(What to produce): Please print only the top portion of the entries below, ending with the line that contains "settings Model: ExtModeTrigDuration=5", exactly as written.

[Source data]

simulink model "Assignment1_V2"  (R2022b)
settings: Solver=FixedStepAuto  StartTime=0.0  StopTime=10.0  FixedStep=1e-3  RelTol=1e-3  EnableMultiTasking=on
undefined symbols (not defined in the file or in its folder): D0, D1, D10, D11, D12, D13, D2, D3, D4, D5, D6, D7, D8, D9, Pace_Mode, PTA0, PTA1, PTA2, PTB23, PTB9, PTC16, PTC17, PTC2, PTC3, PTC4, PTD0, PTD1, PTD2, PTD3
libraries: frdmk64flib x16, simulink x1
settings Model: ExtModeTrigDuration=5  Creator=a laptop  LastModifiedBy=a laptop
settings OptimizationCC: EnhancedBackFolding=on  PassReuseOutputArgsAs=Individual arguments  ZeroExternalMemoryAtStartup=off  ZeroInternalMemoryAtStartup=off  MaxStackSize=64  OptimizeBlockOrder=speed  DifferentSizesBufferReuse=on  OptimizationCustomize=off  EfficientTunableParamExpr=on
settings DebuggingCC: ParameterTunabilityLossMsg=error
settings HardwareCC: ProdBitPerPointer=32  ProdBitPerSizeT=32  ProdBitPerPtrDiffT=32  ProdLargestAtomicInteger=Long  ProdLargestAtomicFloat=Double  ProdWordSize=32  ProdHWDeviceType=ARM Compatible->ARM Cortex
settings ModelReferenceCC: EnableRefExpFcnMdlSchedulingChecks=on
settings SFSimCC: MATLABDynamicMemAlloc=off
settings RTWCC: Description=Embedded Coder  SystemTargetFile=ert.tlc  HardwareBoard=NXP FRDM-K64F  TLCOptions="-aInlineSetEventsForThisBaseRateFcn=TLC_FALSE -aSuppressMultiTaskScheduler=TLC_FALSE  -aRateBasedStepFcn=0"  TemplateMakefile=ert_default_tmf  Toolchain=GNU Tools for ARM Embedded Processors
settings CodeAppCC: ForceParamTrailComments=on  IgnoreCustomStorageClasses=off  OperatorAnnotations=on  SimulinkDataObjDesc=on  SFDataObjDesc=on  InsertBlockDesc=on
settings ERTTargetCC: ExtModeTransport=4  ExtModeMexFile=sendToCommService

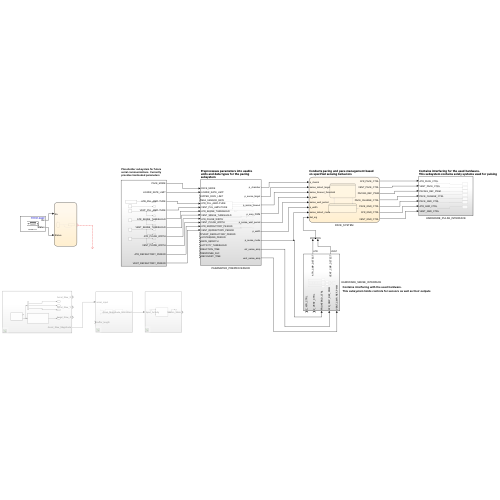
[thumbnail: Simulink's stored preview of the top-level diagram]
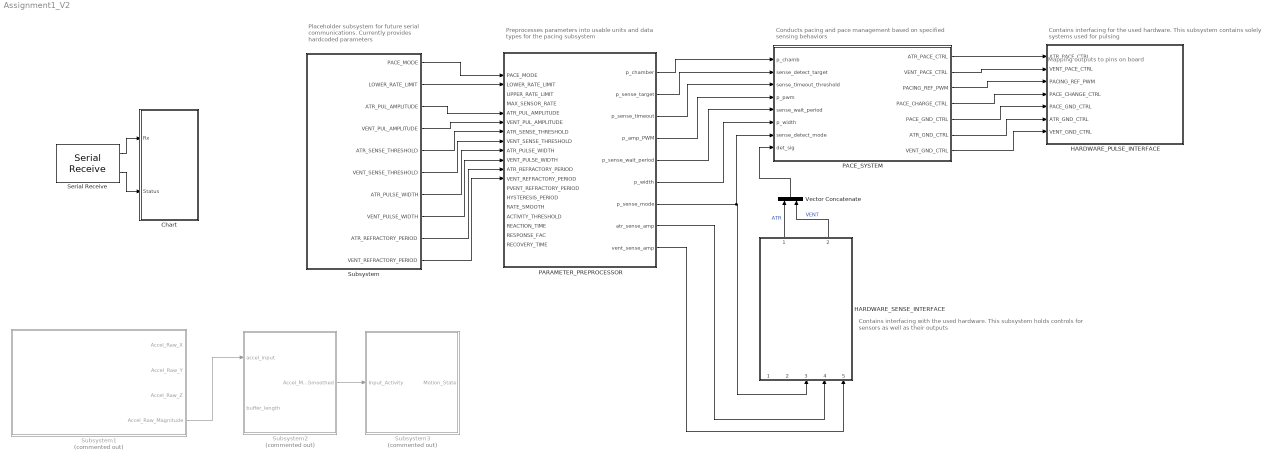
== system Assignment1_V2 ==
  note: Mapping outputs to pins on board
  note: Preprocesses parameters into usable units and data types for the pacing subsystem
  note: Conducts pacing and pace management based on specified sensing behaviors
  note: Contains interfacing for the used hardware.
      | This subsystem contains solely systems used for pulsing
  note: Placeholder subsystem for future serial communications. Currently provides hardcoded parameters
  note: Contains interfacing with the used hardware.
      | This subsystem holds controls for sensors as well as their outputs
  Chart : Stateflow chart  TreatAsAtomicUnit=on
  HARDWARE_PULSE_INTERFACE : Subsystem
  HARDWARE_SENSE_INTERFACE : Subsystem
  PACE_SYSTEM : Stateflow chart  TreatAsAtomicUnit=on
  PARAMETER_PREPROCESSOR : Subsystem
  Serial Receive : frdmk64flib/Serial Receive  SCIModule=0  Baudrate=uint32(9600)  Parity=None  StopBits=1  HardwareFlowControl=None  ByteOrder=LittleEndian  DataType=uint8  DataLength=10  BlockingMode=off  OutputStatus=on  SampleTime=-1
  Subsystem : Subsystem
  Subsystem1 : Subsystem  Commented=on
  Subsystem2 : Subsystem  Commented=on
  Subsystem3 : Subsystem  Commented=on
  Vector Concatenate : Concatenate
  wires:
  ? -> ?
  Serial Receive/1 -> Chart/1(Rx)
  PACE_SYSTEM/2(VENT_PACE_CTRL) -> HARDWARE_PULSE_INTERFACE/2(VENT_PACE_CTRL)
  Subsystem/7(ATR_PULSE_WIDTH) -> PARAMETER_PREPROCESSOR/9(ATR_PULSE_WIDTH)
  Subsystem1/4(Accel_Raw_Magnitude) -> Subsystem2/1(accel_input)
  Subsystem2/1(Accel_Magnitude_Smoothed) -> Subsystem3/1(Input_Activity)
  PARAMETER_PREPROCESSOR/3(p_sense_timeout) -> PACE_SYSTEM/3(sense_timeout_threshold)
  PACE_SYSTEM/5(PACE_GND_CTRL) -> HARDWARE_PULSE_INTERFACE/5(PACE_GND_CTRL)
  Subsystem/6(VENT_SENSE_THRESHOLD) -> PARAMETER_PREPROCESSOR/8(VENT_SENSE_THRESHOLD)
  PARAMETER_PREPROCESSOR/1(p_chamber) -> PACE_SYSTEM/1(p_chamb)
  Subsystem/9(ATR_REFRACTORY_PERIOD) -> PARAMETER_PREPROCESSOR/11(ATR_REFRACTORY_PERIOD)
  Subsystem/10(VENT_REFRACTORY_PERIOD) -> PARAMETER_PREPROCESSOR/12(VENT_REFRACTORY_PERIOD)
  HARDWARE_SENSE_INTERFACE/1(ATR_CMP_DETECT) -> Vector Concatenate/1  "ATR"
  PARAMETER_PREPROCESSOR/6(p_width) -> PACE_SYSTEM/6(p_width)
  PARAMETER_PREPROCESSOR/7(p_sense_mode) -> PACE_SYSTEM/7(sense_detect_mode), HARDWARE_SENSE_INTERFACE/3(FRONTEND_CTRL)
  Subsystem/8(VENT_PULSE_WIDTH) -> PARAMETER_PREPROCESSOR/10(VENT_PULSE_WIDTH)
  Serial Receive/2 -> Chart/2(Status)
  Subsystem/5(ATR_SENSE_THRESHOLD) -> PARAMETER_PREPROCESSOR/7(ATR_SENSE_THRESHOLD)
  Subsystem/3(ATR_PUL_AMPLITUDE) -> PARAMETER_PREPROCESSOR/5(ATR_PUL_AMPLITUDE)
  Subsystem/2(LOWER_RATE_LIMIT) -> PARAMETER_PREPROCESSOR/2(LOWER_RATE_LIMIT)
  PACE_SYSTEM/7(VENT_GND_CTRL) -> HARDWARE_PULSE_INTERFACE/7(VENT_GND_CTRL)
  HARDWARE_SENSE_INTERFACE/2(VENT_CMP_DETECT) -> Vector Concatenate/2  "VENT"
  PARAMETER_PREPROCESSOR/8(atr_sense_amp) -> HARDWARE_SENSE_INTERFACE/4(ATR_CMP_REF_PWM)
  PARAMETER_PREPROCESSOR/9(vent_sense_amp) -> HARDWARE_SENSE_INTERFACE/5(VENT_CMP_REF_PWM)
  Subsystem/1(PACE_MODE) -> PARAMETER_PREPROCESSOR/1(PACE_MODE)
  PARAMETER_PREPROCESSOR/4(p_amp_PWM) -> PACE_SYSTEM/4(p_pwm)
  PACE_SYSTEM/4(PACE_CHARGE_CTRL) -> HARDWARE_PULSE_INTERFACE/4(PACE_CHANGE_CTRL)
  PACE_SYSTEM/6(ATR_GND_CTRL) -> HARDWARE_PULSE_INTERFACE/6(ATR_GND_CTRL)
  PACE_SYSTEM/3(PACING_REF_PWM) -> HARDWARE_PULSE_INTERFACE/3(PACING_REF_PWM)
  Subsystem/4(VENT_PUL_AMPLITUDE) -> PARAMETER_PREPROCESSOR/6(VENT_PUL_AMPLITUDE)
  PARAMETER_PREPROCESSOR/5(p_sense_wait_period) -> PACE_SYSTEM/5(sense_wait_period)
  PARAMETER_PREPROCESSOR/2(p_sense_target) -> PACE_SYSTEM/2(sense_detect_target)
  Vector Concatenate/1 -> PACE_SYSTEM/8(det_sig)
  PACE_SYSTEM/1(ATR_PACE_CTRL) -> HARDWARE_PULSE_INTERFACE/1(ATR_PACE_CTRL)

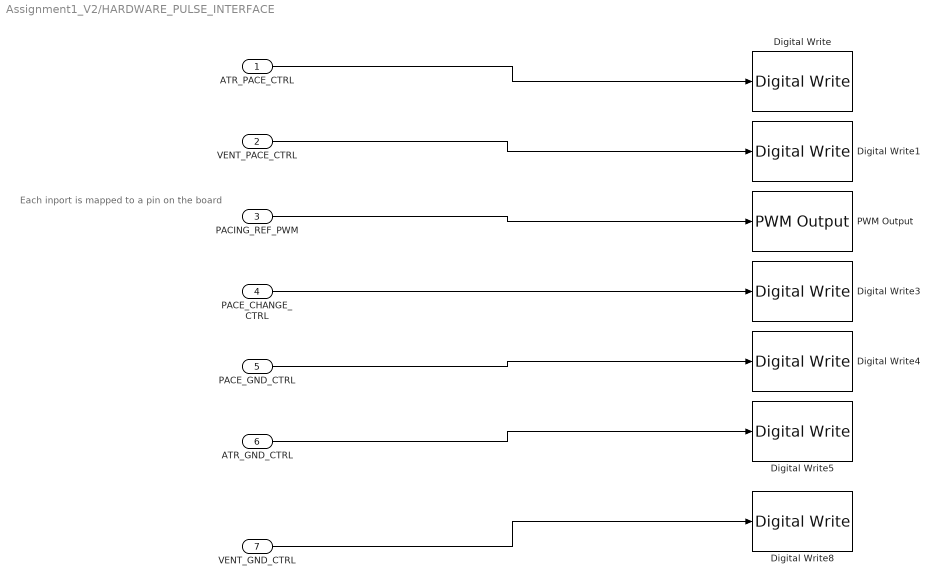
== system Assignment1_V2/HARDWARE_PULSE_INTERFACE ==
  note: Each inport is mapped to a pin on the board
  ATR_PACE_CTRL : Inport
  VENT_PACE_CTRL : Inport  Port=2
  PACING_REF_PWM : Inport  Port=3
  PACE_CHANGE_CTRL : Inport  Port=4
  PACE_GND_CTRL : Inport  Port=5
  ATR_GND_CTRL : Inport  Port=6
  VENT_GND_CTRL : Inport  Port=7
  Digital Write : frdmk64flib/Digital Write  Whichpin=PTA0 (D8)
  Digital Write1 : frdmk64flib/Digital Write  Whichpin=PTC4 (D9)
  Digital Write3 : frdmk64flib/Digital Write  Whichpin=PTB9 (D2)
  Digital Write4 : frdmk64flib/Digital Write  Whichpin=PTD0 (D10)
  Digital Write5 : frdmk64flib/Digital Write  Whichpin=PTD2 (D11)
  Digital Write8 : frdmk64flib/Digital Write  Whichpin=PTD3 (D12)
  PWM Output : frdmk64flib/PWM Output  Whichpin=PTA2 (D5)  InitialFrequency=2000  InitialDutyCycle=0
  wires:
  PACE_CHANGE_CTRL/1 -> Digital Write3/1
  PACE_GND_CTRL/1 -> Digital Write4/1
  VENT_PACE_CTRL/1 -> Digital Write1/1
  VENT_GND_CTRL/1 -> Digital Write8/1
  ATR_PACE_CTRL/1 -> Digital Write/1
  ATR_GND_CTRL/1 -> Digital Write5/1
  PACING_REF_PWM/1 -> PWM Output/1

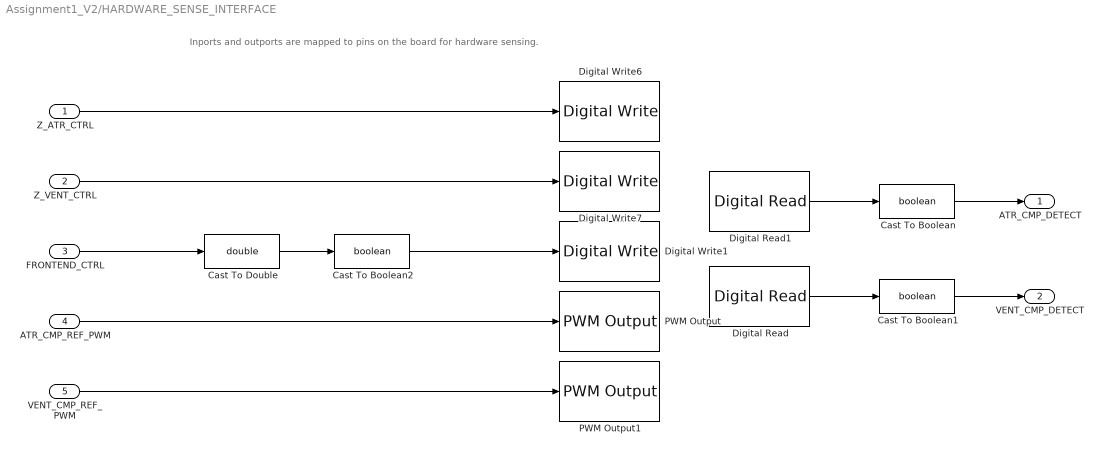
== system Assignment1_V2/HARDWARE_SENSE_INTERFACE ==
  note: Inports and outports are mapped to pins on the board for hardware sensing.
  Z_ATR_CTRL : Inport
  Z_VENT_CTRL : Inport  Port=2
  FRONTEND_CTRL : Inport  Port=3
  ATR_CMP_REF_PWM : Inport  Port=4
  VENT_CMP_REF_PWM : Inport  Port=5
  Cast To Boolean : DataTypeConversion  OutDataTypeStr=boolean  RndMeth=Round  SaturateOnIntegerOverflow=off
  Cast To Boolean1 : DataTypeConversion  OutDataTypeStr=boolean  RndMeth=Round  SaturateOnIntegerOverflow=off
  Cast To Boolean2 : DataTypeConversion  OutDataTypeStr=boolean  SaturateOnIntegerOverflow=off  RndMeth=Floor
  Cast To Double : DataTypeConversion  OutDataTypeStr=double  SaturateOnIntegerOverflow=off  RndMeth=Floor
  Digital Read : frdmk64flib/Digital Read  Whichpin=PTC17 (D1)  SampleTime=0.001
  Digital Read1 : frdmk64flib/Digital Read  Whichpin=PTC16 (D0)  SampleTime=0.001
  Digital Write1 : frdmk64flib/Digital Write  Whichpin=PTD1 (D13)
  Digital Write6 : frdmk64flib/Digital Write  Whichpin=PTB23 (D4)
  Digital Write7 : frdmk64flib/Digital Write  Whichpin=PTC3 (D7)
  PWM Output : frdmk64flib/PWM Output  Whichpin=PTC2 (D6)  InitialFrequency=2000  InitialDutyCycle=0
  PWM Output1 : frdmk64flib/PWM Output  Whichpin=PTA1 (D3)  InitialFrequency=2000  InitialDutyCycle=0
  ATR_CMP_DETECT : Outport  OutDataTypeStr=boolean
  VENT_CMP_DETECT : Outport  Port=2
  wires:
  Z_ATR_CTRL/1 -> Digital Write6/1
  Z_VENT_CTRL/1 -> Digital Write7/1
  FRONTEND_CTRL/1 -> Cast To Double/1
  ATR_CMP_REF_PWM/1 -> PWM Output/1
  VENT_CMP_REF_PWM/1 -> PWM Output1/1
  Digital Read1/1 -> Cast To Boolean/1
  Digital Read/1 -> Cast To Boolean1/1
  Cast To Boolean/1 -> ATR_CMP_DETECT/1
  Cast To Boolean1/1 -> VENT_CMP_DETECT/1
  Cast To Double/1 -> Cast To Boolean2/1
  Cast To Boolean2/1 -> Digital Write1/1

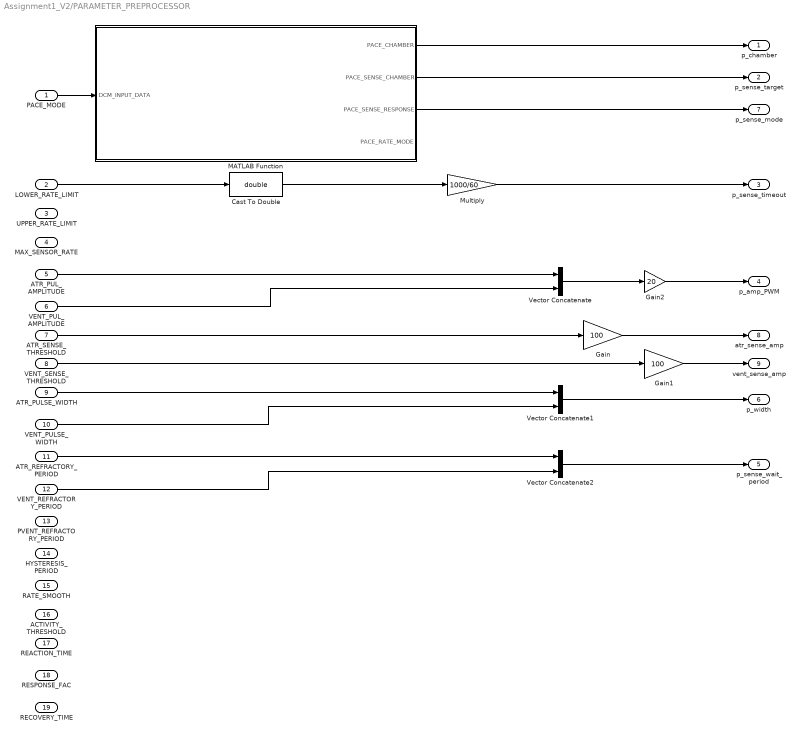
== system Assignment1_V2/PARAMETER_PREPROCESSOR ==
  PACE_MODE : Inport
  LOWER_RATE_LIMIT : Inport  Port=2
  UPPER_RATE_LIMIT : Inport  Port=3
  MAX_SENSOR_RATE : Inport  Port=4
  ATR_PUL_AMPLITUDE : Inport  Port=5
  VENT_PUL_AMPLITUDE : Inport  Port=6
  ATR_SENSE_THRESHOLD : Inport  Port=7
  VENT_SENSE_THRESHOLD : Inport  Port=8
  ATR_PULSE_WIDTH : Inport  Port=9
  VENT_PULSE_WIDTH : Inport  Port=10
  ATR_REFRACTORY_PERIOD : Inport  Port=11
  VENT_REFRACTORY_PERIOD : Inport  Port=12
  PVENT_REFRACTORY_PERIOD : Inport  Port=13
  HYSTERESIS_PERIOD : Inport  Port=14
  RATE_SMOOTH : Inport  Port=15
  ACTIVITY_THRESHOLD : Inport  Port=16
  REACTION_TIME : Inport  Port=17
  RESPONSE_FAC : Inport  Port=18
  RECOVERY_TIME : Inport  Port=19
  Cast To Double : DataTypeConversion  OutDataTypeStr=double  SaturateOnIntegerOverflow=off  RndMeth=Floor
  Gain : Gain  Gain=100
  Gain1 : Gain  Gain=100
  Gain2 : Gain  Gain=20
  MATLAB Function : MATLAB Function  TreatAsAtomicUnit=on
  Multiply : Gain  Gain=1000/60
  Vector Concatenate : Concatenate
  Vector Concatenate1 : Concatenate
  Vector Concatenate2 : Concatenate
  p_chamber : Outport
  p_sense_target : Outport  Port=2
  p_sense_timeout : Outport  Port=3
  p_amp_PWM : Outport  Port=4
  p_sense_wait_period : Outport  Port=5
  p_width : Outport  Port=6
  p_sense_mode : Outport  Port=7
  atr_sense_amp : Outport  Port=8
  vent_sense_amp : Outport  Port=9
  wires:
  PACE_MODE/1 -> MATLAB Function/1(DCM_INPUT_DATA)
  MATLAB Function/2(PACE_SENSE_CHAMBER) -> p_sense_target/1
  MATLAB Function/3(PACE_SENSE_RESPONSE) -> p_sense_mode/1
  LOWER_RATE_LIMIT/1 -> Cast To Double/1
  ATR_PUL_AMPLITUDE/1 -> Vector Concatenate/1
  VENT_PUL_AMPLITUDE/1 -> Vector Concatenate/2
  MATLAB Function/1(PACE_CHAMBER) -> p_chamber/1
  ATR_SENSE_THRESHOLD/1 -> Gain/1
  VENT_SENSE_THRESHOLD/1 -> Gain1/1
  Gain2/1 -> p_amp_PWM/1
  Vector Concatenate/1 -> Gain2/1
  ATR_PULSE_WIDTH/1 -> Vector Concatenate1/1
  VENT_PULSE_WIDTH/1 -> Vector Concatenate1/2
  Vector Concatenate1/1 -> p_width/1
  VENT_REFRACTORY_PERIOD/1 -> Vector Concatenate2/2
  Vector Concatenate2/1 -> p_sense_wait_period/1
  ATR_REFRACTORY_PERIOD/1 -> Vector Concatenate2/1
  Cast To Double/1 -> Multiply/1
  Multiply/1 -> p_sense_timeout/1
  Gain1/1 -> vent_sense_amp/1
  Gain/1 -> atr_sense_amp/1

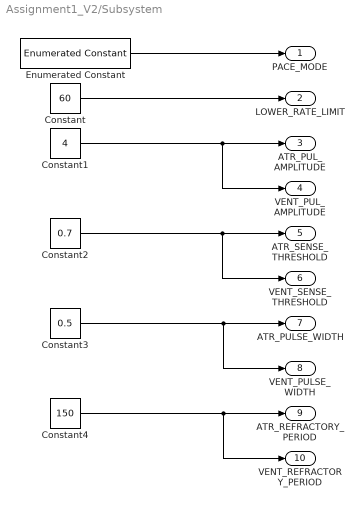
== system Assignment1_V2/Subsystem ==
  Constant : Constant  Value=60
  Constant1 : Constant  Value=4
  Constant2 : Constant  Value=0.7
  Constant3 : Constant  Value=0.5
  Constant4 : Constant  Value=150
  Enumerated Constant : simulink/Sources/Enumerated Constant  OutDataTypeStr=Enum: Pace_Mode  Value=Pace_Mode.AAI  SampleTime=inf
  PACE_MODE : Outport
  LOWER_RATE_LIMIT : Outport  Port=2
  ATR_PUL_AMPLITUDE : Outport  Port=3
  VENT_PUL_AMPLITUDE : Outport  Port=4
  ATR_SENSE_THRESHOLD : Outport  Port=5
  VENT_SENSE_THRESHOLD : Outport  Port=6
  ATR_PULSE_WIDTH : Outport  Port=7
  VENT_PULSE_WIDTH : Outport  Port=8
  ATR_REFRACTORY_PERIOD : Outport  Port=9
  VENT_REFRACTORY_PERIOD : Outport  Port=10
  wires:
  Enumerated Constant/1 -> PACE_MODE/1
  Constant/1 -> LOWER_RATE_LIMIT/1
  Constant1/1 -> VENT_PUL_AMPLITUDE/1, ATR_PUL_AMPLITUDE/1
  Constant2/1 -> VENT_SENSE_THRESHOLD/1, ATR_SENSE_THRESHOLD/1
  Constant3/1 -> VENT_PULSE_WIDTH/1, ATR_PULSE_WIDTH/1
  Constant4/1 -> VENT_REFRACTORY_PERIOD/1, ATR_REFRACTORY_PERIOD/1

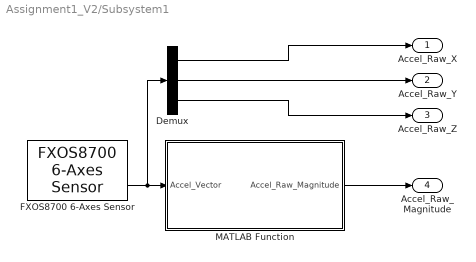
== system Assignment1_V2/Subsystem1 ==
  Demux : Demux  Outputs=3
  FXOS8700 6-Axes Sensor : frdmk64flib/FXOS8700 6-Axes Sensor  Activesensor=Accelerometer and Magnetometer  ODR=800Hz  HybridODR=400Hz  Accelfullrange=-4g to +4g  SampleTime=-1
  MATLAB Function : MATLAB Function  TreatAsAtomicUnit=on
  Accel_Raw_X : Outport
  Accel_Raw_Y : Outport  Port=2
  Accel_Raw_Z : Outport  Port=3
  Accel_Raw_Magnitude : Outport  Port=4
  wires:
  FXOS8700 6-Axes Sensor/2 -> MATLAB Function/1(Accel_Vector), Demux/1
  Demux/1 -> Accel_Raw_X/1
  Demux/2 -> Accel_Raw_Y/1
  Demux/3 -> Accel_Raw_Z/1
  MATLAB Function/1(Accel_Raw_Magnitude) -> Accel_Raw_Magnitude/1

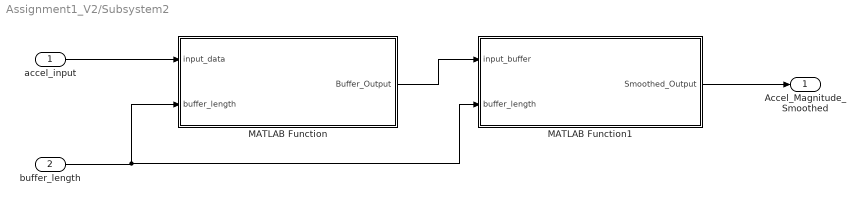
== system Assignment1_V2/Subsystem2 ==
  accel_input : Inport
  buffer_length : Inport  Port=2
  MATLAB Function : MATLAB Function  TreatAsAtomicUnit=on
  MATLAB Function1 : MATLAB Function  TreatAsAtomicUnit=on
  Accel_Magnitude_Smoothed : Outport
  wires:
  buffer_length/1 -> MATLAB Function1/2(buffer_length), MATLAB Function/2(buffer_length)
  accel_input/1 -> MATLAB Function/1(input_data)
  MATLAB Function/1(Buffer_Output) -> MATLAB Function1/1(input_buffer)
  MATLAB Function1/1(Smoothed_Output) -> Accel_Magnitude_Smoothed/1

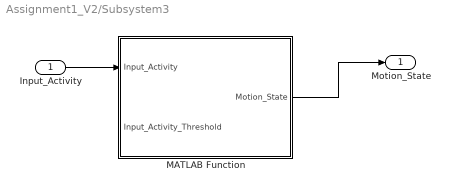
== system Assignment1_V2/Subsystem3 ==
  Input_Activity : Inport
  MATLAB Function : MATLAB Function  TreatAsAtomicUnit=on
  Motion_State : Outport
  wires:
  Input_Activity/1 -> MATLAB Function/1(Input_Activity)
  MATLAB Function/1(Motion_State) -> Motion_State/1

== matlab function Assignment1_V2/Subsystem2/MATLAB Function ==
  data: input_data input; Buffer_Output output; buffer_length input
function Buffer_Output = Generate_Buffer(input_data, buffer_length)
    Persistant Buffer_Internal;
    if (isempty(Buffer_Internal))
        Buffer_Internal = ones(buffer_length) * input_data;
    else
        for i = buffer_length-1:1
            Buffer_Internal[i+1] = Buffer_Internal[i]
        end
        Buffer_Internal[1] = input_data;
    end
    Buffer_Output = Buffer_Internal;
end

== matlab function Assignment1_V2/Subsystem2/MATLAB Function1 ==
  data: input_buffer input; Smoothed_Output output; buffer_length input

[/Source data]

(Expected answer):
simulink model "Assignment1_V2"  (R2022b)
settings: Solver=FixedStepAuto  StartTime=0.0  StopTime=10.0  FixedStep=1e-3  RelTol=1e-3  EnableMultiTasking=on
undefined symbols (not defined in the file or in its folder): D0, D1, D10, D11, D12, D13, D2, D3, D4, D5, D6, D7, D8, D9, Pace_Mode, PTA0, PTA1, PTA2, PTB23, PTB9, PTC16, PTC17, PTC2, PTC3, PTC4, PTD0, PTD1, PTD2, PTD3
libraries: frdmk64flib x16, simulink x1
settings Model: ExtModeTrigDuration=5  Creator=a laptop  LastModifiedBy=a laptop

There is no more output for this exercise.